Required work => Identify each line below that contains the word "circle", and copy it out.

Stored records:
···

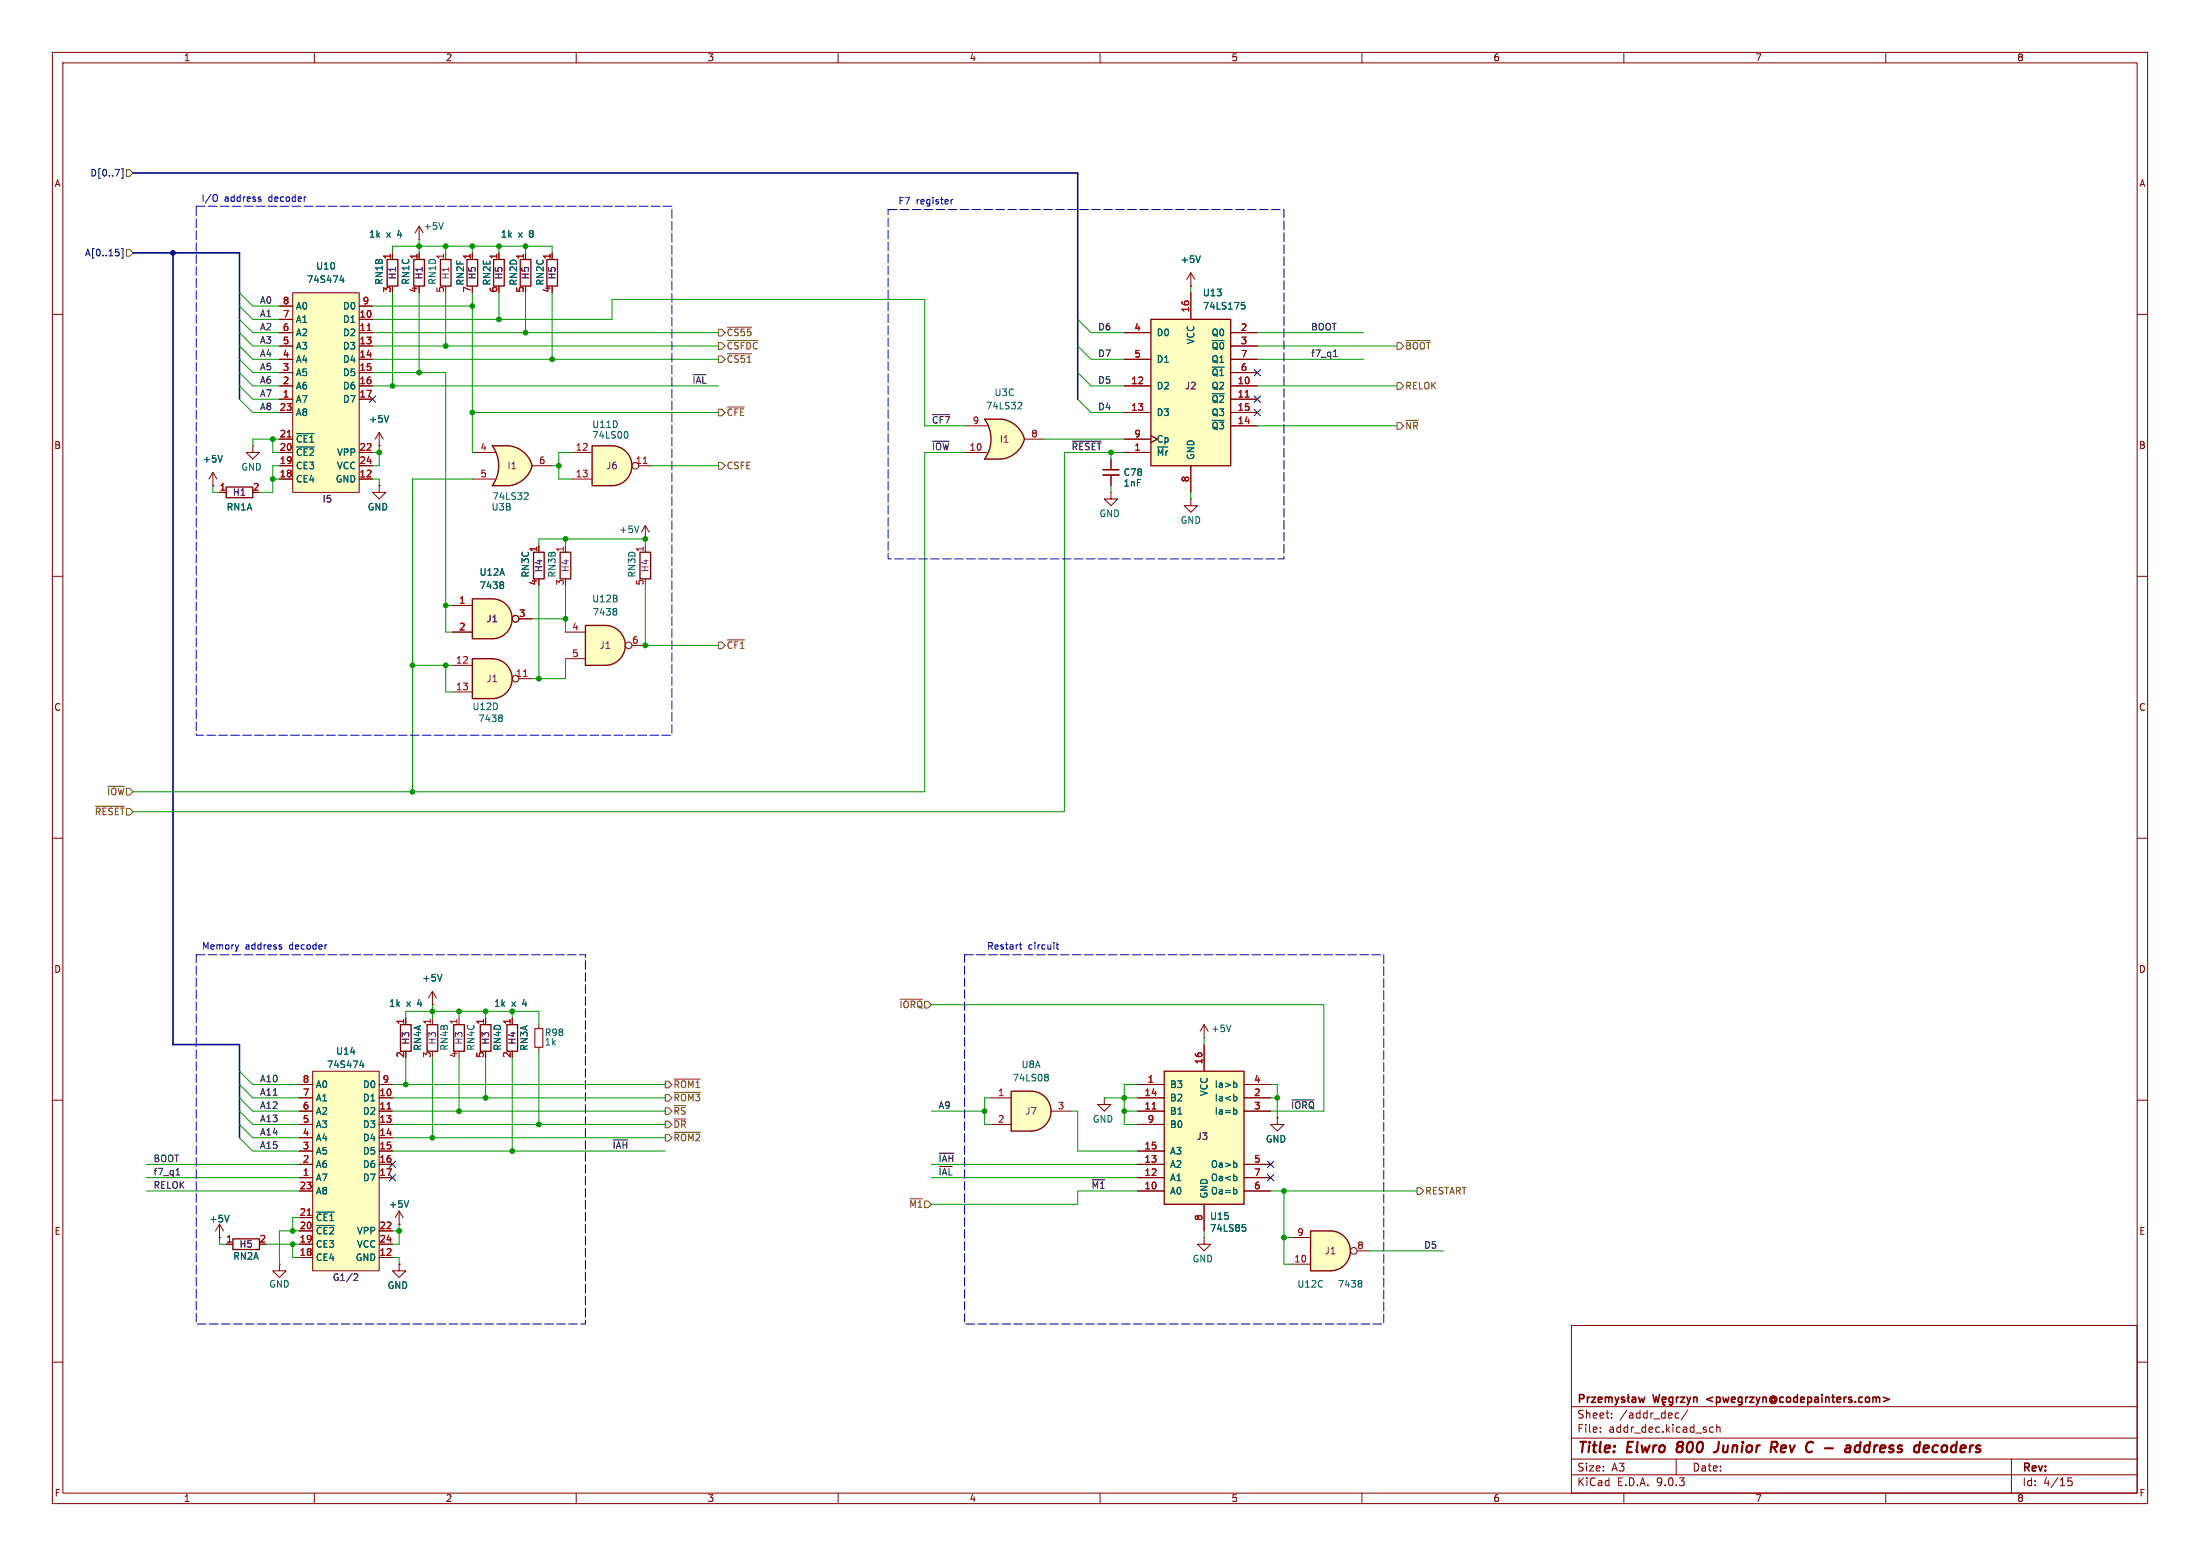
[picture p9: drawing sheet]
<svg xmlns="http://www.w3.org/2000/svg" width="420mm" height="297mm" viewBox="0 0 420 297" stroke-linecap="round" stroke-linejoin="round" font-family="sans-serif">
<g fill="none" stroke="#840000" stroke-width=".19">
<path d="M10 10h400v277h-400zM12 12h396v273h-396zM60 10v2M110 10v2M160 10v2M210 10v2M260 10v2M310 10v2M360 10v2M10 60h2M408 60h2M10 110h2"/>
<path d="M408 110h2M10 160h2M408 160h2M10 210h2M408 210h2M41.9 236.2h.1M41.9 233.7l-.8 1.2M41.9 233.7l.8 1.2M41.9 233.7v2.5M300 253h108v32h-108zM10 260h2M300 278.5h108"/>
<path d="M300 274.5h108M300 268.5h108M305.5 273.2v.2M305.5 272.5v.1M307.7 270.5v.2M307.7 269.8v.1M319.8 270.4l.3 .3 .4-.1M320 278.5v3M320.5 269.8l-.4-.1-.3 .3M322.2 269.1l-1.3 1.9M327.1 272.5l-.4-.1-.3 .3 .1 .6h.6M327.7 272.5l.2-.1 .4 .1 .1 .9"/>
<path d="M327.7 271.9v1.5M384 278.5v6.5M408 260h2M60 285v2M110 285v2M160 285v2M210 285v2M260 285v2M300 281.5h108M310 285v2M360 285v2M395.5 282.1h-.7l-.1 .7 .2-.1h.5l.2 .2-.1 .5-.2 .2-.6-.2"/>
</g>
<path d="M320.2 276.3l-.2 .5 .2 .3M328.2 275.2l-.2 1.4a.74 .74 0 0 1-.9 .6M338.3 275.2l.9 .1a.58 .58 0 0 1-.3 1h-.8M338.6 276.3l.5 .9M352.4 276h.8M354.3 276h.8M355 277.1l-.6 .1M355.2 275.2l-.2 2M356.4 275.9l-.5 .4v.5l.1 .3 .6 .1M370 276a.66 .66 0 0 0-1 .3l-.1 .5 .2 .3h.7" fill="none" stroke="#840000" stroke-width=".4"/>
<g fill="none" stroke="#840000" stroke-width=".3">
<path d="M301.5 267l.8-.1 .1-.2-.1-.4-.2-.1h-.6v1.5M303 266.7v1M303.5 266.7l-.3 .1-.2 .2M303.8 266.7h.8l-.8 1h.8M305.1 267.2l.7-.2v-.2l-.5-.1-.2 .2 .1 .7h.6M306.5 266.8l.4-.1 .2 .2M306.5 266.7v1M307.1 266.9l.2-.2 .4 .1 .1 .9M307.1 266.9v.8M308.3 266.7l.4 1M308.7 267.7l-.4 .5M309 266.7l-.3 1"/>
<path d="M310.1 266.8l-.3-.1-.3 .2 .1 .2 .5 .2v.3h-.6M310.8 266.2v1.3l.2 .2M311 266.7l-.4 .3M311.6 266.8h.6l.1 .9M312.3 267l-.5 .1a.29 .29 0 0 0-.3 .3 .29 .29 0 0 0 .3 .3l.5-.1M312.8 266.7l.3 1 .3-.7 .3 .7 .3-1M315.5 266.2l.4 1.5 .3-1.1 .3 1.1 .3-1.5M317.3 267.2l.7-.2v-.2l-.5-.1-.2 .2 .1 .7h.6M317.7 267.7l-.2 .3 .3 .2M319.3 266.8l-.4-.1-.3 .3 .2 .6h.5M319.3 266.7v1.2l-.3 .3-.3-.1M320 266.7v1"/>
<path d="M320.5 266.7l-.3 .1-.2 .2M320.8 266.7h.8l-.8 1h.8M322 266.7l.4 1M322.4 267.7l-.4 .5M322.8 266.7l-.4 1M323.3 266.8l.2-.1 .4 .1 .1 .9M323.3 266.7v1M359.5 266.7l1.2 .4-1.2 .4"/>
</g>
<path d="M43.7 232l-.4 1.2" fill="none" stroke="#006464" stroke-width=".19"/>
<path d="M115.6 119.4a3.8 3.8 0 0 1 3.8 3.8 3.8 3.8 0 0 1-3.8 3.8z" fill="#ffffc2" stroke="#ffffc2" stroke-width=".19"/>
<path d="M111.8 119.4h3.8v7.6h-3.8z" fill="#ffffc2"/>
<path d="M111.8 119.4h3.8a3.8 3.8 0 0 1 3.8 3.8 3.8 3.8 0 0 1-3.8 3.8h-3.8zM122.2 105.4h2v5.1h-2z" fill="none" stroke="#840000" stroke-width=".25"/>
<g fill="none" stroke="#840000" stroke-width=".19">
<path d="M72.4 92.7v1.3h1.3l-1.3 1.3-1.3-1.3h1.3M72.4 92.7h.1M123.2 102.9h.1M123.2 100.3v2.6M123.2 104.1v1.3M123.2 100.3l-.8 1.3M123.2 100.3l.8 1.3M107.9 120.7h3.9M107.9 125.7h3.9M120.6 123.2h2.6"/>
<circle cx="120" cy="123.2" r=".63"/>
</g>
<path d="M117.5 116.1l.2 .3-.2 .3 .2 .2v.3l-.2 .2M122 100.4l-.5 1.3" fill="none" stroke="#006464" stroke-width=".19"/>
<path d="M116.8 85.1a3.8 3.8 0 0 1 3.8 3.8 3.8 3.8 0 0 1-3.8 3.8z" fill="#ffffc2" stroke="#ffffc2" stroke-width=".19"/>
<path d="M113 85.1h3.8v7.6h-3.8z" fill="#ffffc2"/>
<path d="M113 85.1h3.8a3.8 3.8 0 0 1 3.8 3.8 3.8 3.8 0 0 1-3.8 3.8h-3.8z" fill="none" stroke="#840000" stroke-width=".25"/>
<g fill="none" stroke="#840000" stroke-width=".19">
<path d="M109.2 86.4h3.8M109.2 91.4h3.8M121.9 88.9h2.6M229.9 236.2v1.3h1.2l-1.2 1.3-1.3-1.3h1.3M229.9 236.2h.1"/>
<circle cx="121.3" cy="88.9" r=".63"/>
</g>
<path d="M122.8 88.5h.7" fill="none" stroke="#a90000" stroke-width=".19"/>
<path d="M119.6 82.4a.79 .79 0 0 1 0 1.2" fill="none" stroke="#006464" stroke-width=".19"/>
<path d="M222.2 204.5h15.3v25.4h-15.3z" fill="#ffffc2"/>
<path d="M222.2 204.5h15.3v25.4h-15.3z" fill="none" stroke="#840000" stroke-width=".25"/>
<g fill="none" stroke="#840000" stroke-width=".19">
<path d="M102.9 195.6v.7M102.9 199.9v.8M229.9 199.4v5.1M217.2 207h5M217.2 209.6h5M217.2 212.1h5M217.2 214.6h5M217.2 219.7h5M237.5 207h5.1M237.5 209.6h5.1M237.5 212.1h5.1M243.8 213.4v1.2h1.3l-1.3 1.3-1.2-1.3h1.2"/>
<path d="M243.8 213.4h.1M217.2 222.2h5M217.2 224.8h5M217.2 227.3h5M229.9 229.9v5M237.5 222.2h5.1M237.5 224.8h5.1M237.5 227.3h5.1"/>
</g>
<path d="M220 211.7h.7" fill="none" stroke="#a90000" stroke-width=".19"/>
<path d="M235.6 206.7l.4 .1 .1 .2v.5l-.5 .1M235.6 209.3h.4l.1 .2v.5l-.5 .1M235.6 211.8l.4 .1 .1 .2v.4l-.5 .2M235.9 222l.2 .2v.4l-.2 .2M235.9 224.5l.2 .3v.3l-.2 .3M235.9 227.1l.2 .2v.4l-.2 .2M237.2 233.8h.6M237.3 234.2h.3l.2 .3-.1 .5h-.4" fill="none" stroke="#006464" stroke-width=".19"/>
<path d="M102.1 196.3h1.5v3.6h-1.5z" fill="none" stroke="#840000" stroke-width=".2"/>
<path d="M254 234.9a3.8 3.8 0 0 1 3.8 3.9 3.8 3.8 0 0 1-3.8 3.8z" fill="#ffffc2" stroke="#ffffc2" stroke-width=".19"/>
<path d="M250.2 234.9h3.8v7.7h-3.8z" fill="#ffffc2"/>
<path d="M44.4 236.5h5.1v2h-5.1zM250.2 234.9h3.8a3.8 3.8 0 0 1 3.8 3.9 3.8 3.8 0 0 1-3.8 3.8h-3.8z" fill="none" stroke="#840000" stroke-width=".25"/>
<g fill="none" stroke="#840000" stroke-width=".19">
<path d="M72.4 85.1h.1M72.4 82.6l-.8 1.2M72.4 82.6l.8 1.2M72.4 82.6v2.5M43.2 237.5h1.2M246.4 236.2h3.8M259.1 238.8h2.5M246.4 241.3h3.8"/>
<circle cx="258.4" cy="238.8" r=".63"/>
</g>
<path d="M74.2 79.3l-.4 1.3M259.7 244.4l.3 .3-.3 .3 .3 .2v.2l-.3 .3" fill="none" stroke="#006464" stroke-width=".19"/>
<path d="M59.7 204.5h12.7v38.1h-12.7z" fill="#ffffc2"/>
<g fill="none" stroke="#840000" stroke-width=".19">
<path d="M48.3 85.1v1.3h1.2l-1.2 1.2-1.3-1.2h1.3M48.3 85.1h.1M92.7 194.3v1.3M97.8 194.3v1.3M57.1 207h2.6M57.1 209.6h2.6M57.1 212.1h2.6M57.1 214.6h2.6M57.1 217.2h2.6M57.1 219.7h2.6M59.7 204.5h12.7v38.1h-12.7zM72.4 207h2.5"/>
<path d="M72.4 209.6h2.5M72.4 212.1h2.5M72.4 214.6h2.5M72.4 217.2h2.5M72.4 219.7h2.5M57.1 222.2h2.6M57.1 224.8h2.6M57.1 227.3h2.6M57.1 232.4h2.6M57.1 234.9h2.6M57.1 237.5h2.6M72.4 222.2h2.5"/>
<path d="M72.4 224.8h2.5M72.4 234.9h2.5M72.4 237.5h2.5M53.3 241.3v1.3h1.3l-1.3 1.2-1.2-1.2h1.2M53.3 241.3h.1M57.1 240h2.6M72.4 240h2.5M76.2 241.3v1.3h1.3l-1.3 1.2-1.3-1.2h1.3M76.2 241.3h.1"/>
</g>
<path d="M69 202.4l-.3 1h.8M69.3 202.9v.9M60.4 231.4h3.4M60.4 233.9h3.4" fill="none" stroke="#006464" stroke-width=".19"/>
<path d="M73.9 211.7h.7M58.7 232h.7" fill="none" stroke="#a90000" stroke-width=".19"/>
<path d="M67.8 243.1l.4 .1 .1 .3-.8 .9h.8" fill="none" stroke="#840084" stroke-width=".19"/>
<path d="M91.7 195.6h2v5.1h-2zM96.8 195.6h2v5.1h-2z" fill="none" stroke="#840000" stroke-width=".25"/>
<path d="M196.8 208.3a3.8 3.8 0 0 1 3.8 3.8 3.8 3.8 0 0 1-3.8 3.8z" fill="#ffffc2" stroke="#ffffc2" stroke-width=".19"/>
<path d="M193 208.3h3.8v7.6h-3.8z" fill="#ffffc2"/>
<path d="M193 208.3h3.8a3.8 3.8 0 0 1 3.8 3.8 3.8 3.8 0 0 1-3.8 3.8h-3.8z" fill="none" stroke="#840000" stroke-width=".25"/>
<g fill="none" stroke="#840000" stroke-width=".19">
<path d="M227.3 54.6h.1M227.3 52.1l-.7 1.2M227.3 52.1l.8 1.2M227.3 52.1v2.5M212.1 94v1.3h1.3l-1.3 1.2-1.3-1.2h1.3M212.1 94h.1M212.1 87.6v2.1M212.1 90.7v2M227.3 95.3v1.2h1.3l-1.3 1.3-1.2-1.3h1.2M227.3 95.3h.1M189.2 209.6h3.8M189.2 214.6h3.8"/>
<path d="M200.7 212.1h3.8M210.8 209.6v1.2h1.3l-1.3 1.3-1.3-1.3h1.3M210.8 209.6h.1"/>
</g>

···

Written answer =>
<circle cx="120" cy="123.2" r=".63"/>
<circle cx="121.3" cy="88.9" r=".63"/>
<circle cx="258.4" cy="238.8" r=".63"/>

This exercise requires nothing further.